:: Material supplied
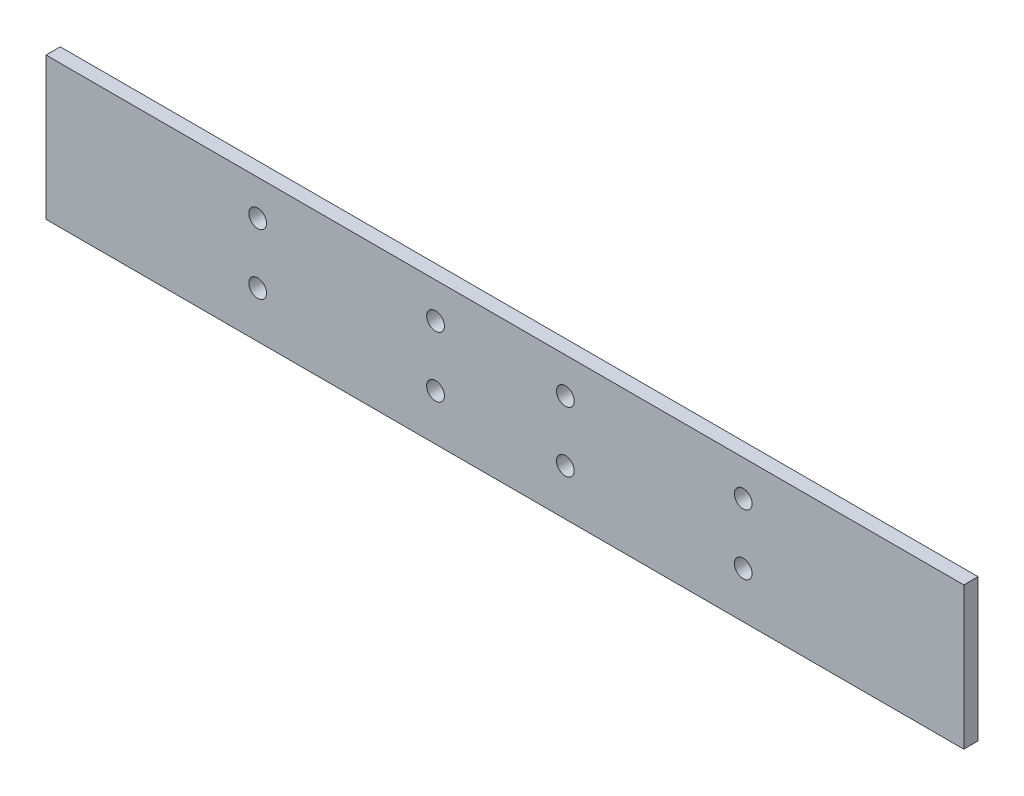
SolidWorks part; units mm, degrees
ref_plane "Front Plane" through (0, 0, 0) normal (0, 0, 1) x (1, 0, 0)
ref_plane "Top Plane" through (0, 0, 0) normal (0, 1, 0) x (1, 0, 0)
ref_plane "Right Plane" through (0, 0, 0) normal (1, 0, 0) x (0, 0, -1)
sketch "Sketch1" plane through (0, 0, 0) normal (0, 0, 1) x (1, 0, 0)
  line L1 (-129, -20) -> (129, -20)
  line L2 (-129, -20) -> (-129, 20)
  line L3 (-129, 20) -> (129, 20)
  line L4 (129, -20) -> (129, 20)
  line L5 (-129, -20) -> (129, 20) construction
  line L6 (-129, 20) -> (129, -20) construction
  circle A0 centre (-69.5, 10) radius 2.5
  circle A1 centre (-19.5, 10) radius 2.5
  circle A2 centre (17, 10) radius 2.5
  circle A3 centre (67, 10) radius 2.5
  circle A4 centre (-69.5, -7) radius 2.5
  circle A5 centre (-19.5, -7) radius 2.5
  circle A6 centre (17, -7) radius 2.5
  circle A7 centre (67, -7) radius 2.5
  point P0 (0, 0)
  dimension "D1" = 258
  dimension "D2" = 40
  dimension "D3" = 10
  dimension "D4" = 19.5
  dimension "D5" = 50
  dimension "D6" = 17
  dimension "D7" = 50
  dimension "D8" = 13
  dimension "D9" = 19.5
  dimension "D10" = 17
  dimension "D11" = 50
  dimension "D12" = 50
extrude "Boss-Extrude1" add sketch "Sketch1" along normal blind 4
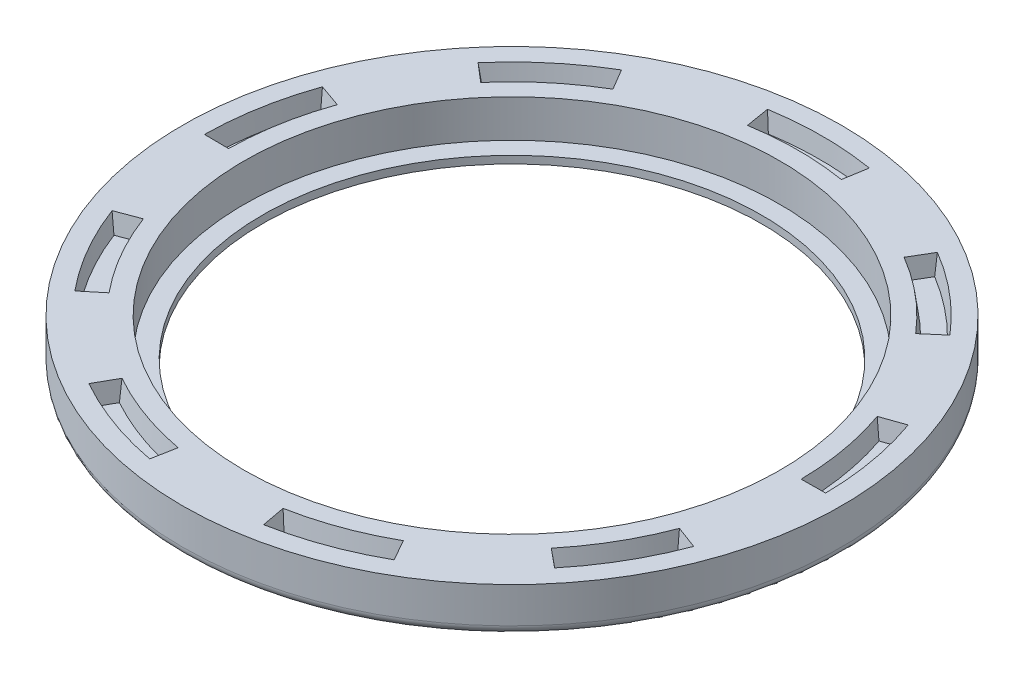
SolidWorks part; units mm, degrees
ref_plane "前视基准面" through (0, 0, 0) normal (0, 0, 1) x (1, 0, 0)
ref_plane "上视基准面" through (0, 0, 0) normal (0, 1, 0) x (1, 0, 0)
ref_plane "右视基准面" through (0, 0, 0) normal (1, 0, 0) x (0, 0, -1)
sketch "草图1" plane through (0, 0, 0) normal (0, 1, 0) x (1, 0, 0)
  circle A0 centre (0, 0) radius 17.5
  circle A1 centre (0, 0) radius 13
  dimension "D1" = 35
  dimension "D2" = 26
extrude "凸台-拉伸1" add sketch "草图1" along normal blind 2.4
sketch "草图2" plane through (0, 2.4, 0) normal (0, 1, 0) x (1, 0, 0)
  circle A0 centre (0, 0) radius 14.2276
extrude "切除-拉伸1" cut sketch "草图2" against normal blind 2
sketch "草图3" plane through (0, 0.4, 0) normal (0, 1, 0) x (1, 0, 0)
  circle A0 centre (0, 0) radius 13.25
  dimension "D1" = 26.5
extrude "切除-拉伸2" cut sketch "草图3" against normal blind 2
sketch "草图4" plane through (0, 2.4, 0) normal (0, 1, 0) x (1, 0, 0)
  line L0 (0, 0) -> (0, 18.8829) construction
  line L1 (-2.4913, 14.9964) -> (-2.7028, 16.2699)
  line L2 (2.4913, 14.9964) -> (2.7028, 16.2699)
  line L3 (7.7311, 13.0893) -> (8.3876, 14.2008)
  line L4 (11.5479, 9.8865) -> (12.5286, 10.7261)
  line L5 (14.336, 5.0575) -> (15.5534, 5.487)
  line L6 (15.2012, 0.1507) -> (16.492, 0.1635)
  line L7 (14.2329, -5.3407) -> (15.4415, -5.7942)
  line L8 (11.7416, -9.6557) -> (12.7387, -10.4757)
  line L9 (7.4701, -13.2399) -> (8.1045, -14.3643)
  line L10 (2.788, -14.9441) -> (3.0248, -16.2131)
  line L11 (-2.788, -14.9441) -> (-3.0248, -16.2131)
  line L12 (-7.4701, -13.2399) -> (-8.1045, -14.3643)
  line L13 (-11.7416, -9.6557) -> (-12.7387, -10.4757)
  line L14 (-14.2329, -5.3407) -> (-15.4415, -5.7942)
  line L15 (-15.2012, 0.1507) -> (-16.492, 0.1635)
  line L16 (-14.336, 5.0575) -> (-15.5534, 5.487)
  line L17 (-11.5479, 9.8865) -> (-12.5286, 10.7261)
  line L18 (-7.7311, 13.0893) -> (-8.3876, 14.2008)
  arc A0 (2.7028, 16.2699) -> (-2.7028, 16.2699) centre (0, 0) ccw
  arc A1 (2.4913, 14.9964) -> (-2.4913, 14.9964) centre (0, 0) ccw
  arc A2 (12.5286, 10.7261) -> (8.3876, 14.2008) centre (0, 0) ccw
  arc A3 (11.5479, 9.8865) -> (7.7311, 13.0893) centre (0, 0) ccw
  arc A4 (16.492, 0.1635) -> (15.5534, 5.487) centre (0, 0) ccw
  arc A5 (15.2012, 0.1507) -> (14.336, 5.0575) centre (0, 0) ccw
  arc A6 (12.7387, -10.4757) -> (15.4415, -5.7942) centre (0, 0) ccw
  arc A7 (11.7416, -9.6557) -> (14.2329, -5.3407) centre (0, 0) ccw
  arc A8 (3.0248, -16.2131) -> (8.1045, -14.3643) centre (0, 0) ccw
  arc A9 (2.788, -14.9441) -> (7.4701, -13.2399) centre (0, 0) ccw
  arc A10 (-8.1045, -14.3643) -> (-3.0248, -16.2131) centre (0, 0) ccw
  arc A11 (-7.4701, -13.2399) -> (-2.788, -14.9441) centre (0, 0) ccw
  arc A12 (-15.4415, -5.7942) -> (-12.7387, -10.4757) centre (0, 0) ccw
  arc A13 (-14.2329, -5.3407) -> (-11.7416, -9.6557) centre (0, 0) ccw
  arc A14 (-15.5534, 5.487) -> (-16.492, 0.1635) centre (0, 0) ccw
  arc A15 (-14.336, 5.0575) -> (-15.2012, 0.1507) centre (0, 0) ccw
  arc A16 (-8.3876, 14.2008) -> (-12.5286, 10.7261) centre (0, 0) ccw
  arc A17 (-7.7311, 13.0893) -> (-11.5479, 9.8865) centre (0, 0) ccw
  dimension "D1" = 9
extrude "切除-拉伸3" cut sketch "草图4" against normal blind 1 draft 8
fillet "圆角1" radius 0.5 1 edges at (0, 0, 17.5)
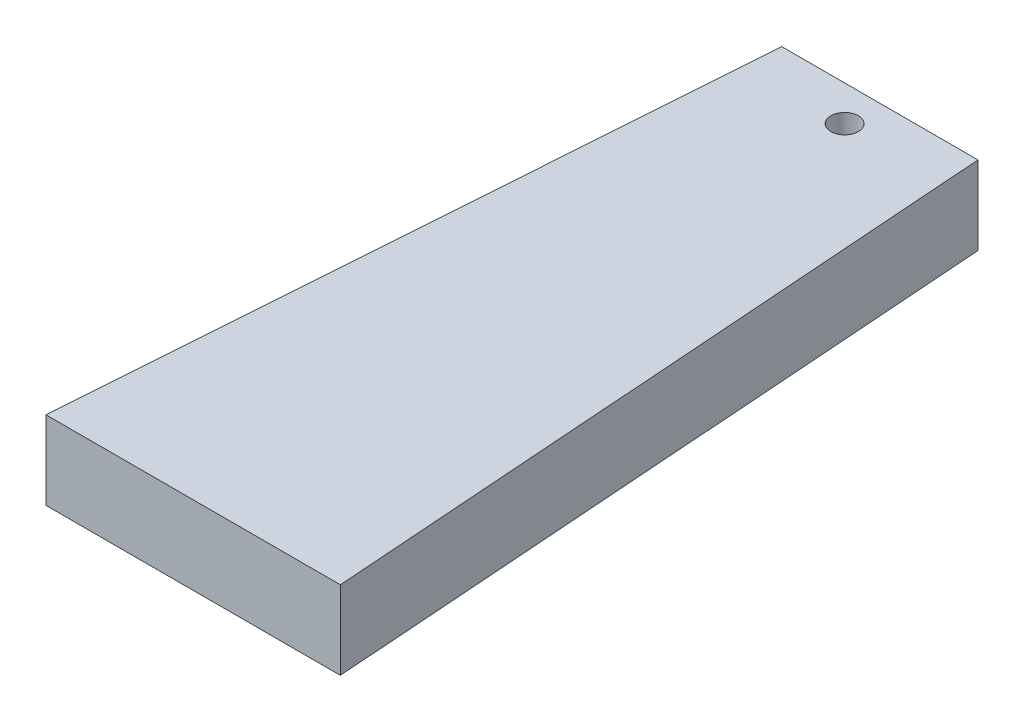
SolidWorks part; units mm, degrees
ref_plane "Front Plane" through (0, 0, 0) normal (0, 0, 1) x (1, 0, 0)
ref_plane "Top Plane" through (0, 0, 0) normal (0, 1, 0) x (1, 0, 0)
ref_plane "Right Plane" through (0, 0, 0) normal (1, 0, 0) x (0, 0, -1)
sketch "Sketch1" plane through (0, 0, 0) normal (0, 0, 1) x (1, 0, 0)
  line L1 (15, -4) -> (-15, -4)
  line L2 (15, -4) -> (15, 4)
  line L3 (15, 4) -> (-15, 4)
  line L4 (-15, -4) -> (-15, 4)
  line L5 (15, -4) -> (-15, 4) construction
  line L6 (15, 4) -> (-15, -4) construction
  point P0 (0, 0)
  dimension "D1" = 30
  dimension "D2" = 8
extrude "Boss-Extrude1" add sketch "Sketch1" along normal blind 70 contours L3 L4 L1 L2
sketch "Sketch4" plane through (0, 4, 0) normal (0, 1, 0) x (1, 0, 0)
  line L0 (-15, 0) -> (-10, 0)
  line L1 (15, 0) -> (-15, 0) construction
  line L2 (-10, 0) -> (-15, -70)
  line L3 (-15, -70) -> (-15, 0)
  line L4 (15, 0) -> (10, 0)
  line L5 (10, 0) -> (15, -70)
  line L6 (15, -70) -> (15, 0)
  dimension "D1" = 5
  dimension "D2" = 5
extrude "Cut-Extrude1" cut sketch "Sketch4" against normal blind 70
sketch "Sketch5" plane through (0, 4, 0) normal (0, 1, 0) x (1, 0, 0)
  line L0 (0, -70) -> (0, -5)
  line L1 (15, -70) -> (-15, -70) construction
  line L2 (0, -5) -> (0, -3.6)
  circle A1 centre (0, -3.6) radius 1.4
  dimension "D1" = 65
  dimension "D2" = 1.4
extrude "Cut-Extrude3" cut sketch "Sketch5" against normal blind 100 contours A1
::::
▶ [Task] Although the records above contain pictures, the copy should hold only the lines from their start through the line containing "circle A0 centre (0, 0) radius 14.2276", each exactly as written, and none of the pictures.

▶ [The completed task]
SolidWorks part; units mm, degrees
ref_plane "Front Plane" through (0, 0, 0) normal (0, 0, 1) x (1, 0, 0)
ref_plane "Top Plane" through (0, 0, 0) normal (0, 1, 0) x (1, 0, 0)
ref_plane "Right Plane" through (0, 0, 0) normal (1, 0, 0) x (0, 0, -1)
sketch "Sketch1" plane through (0, 0, 0) normal (0, 0, 1) x (1, 0, 0)
  line L1 (-129, -20) -> (129, -20)
  line L2 (-129, -20) -> (-129, 20)
  line L3 (-129, 20) -> (129, 20)
  line L4 (129, -20) -> (129, 20)
  line L5 (-129, -20) -> (129, 20) construction
  line L6 (-129, 20) -> (129, -20) construction
  circle A0 centre (-69.5, 10) radius 2.5
  circle A1 centre (-19.5, 10) radius 2.5
  circle A2 centre (17, 10) radius 2.5
  circle A3 centre (67, 10) radius 2.5
  circle A4 centre (-69.5, -7) radius 2.5
  circle A5 centre (-19.5, -7) radius 2.5
  circle A6 centre (17, -7) radius 2.5
  circle A7 centre (67, -7) radius 2.5
  point P0 (0, 0)
  dimension "D1" = 258
  dimension "D2" = 40
  dimension "D3" = 10
  dimension "D4" = 19.5
  dimension "D5" = 50
  dimension "D6" = 17
  dimension "D7" = 50
  dimension "D8" = 13
  dimension "D9" = 19.5
  dimension "D10" = 17
  dimension "D11" = 50
  dimension "D12" = 50
extrude "Boss-Extrude1" add sketch "Sketch1" along normal blind 4
SolidWorks part; units mm, degrees
ref_plane "前视基准面" through (0, 0, 0) normal (0, 0, 1) x (1, 0, 0)
ref_plane "上视基准面" through (0, 0, 0) normal (0, 1, 0) x (1, 0, 0)
ref_plane "右视基准面" through (0, 0, 0) normal (1, 0, 0) x (0, 0, -1)
sketch "草图1" plane through (0, 0, 0) normal (0, 1, 0) x (1, 0, 0)
  circle A0 centre (0, 0) radius 17.5
  circle A1 centre (0, 0) radius 13
  dimension "D1" = 35
  dimension "D2" = 26
extrude "凸台-拉伸1" add sketch "草图1" along normal blind 2.4
sketch "草图2" plane through (0, 2.4, 0) normal (0, 1, 0) x (1, 0, 0)
  circle A0 centre (0, 0) radius 14.2276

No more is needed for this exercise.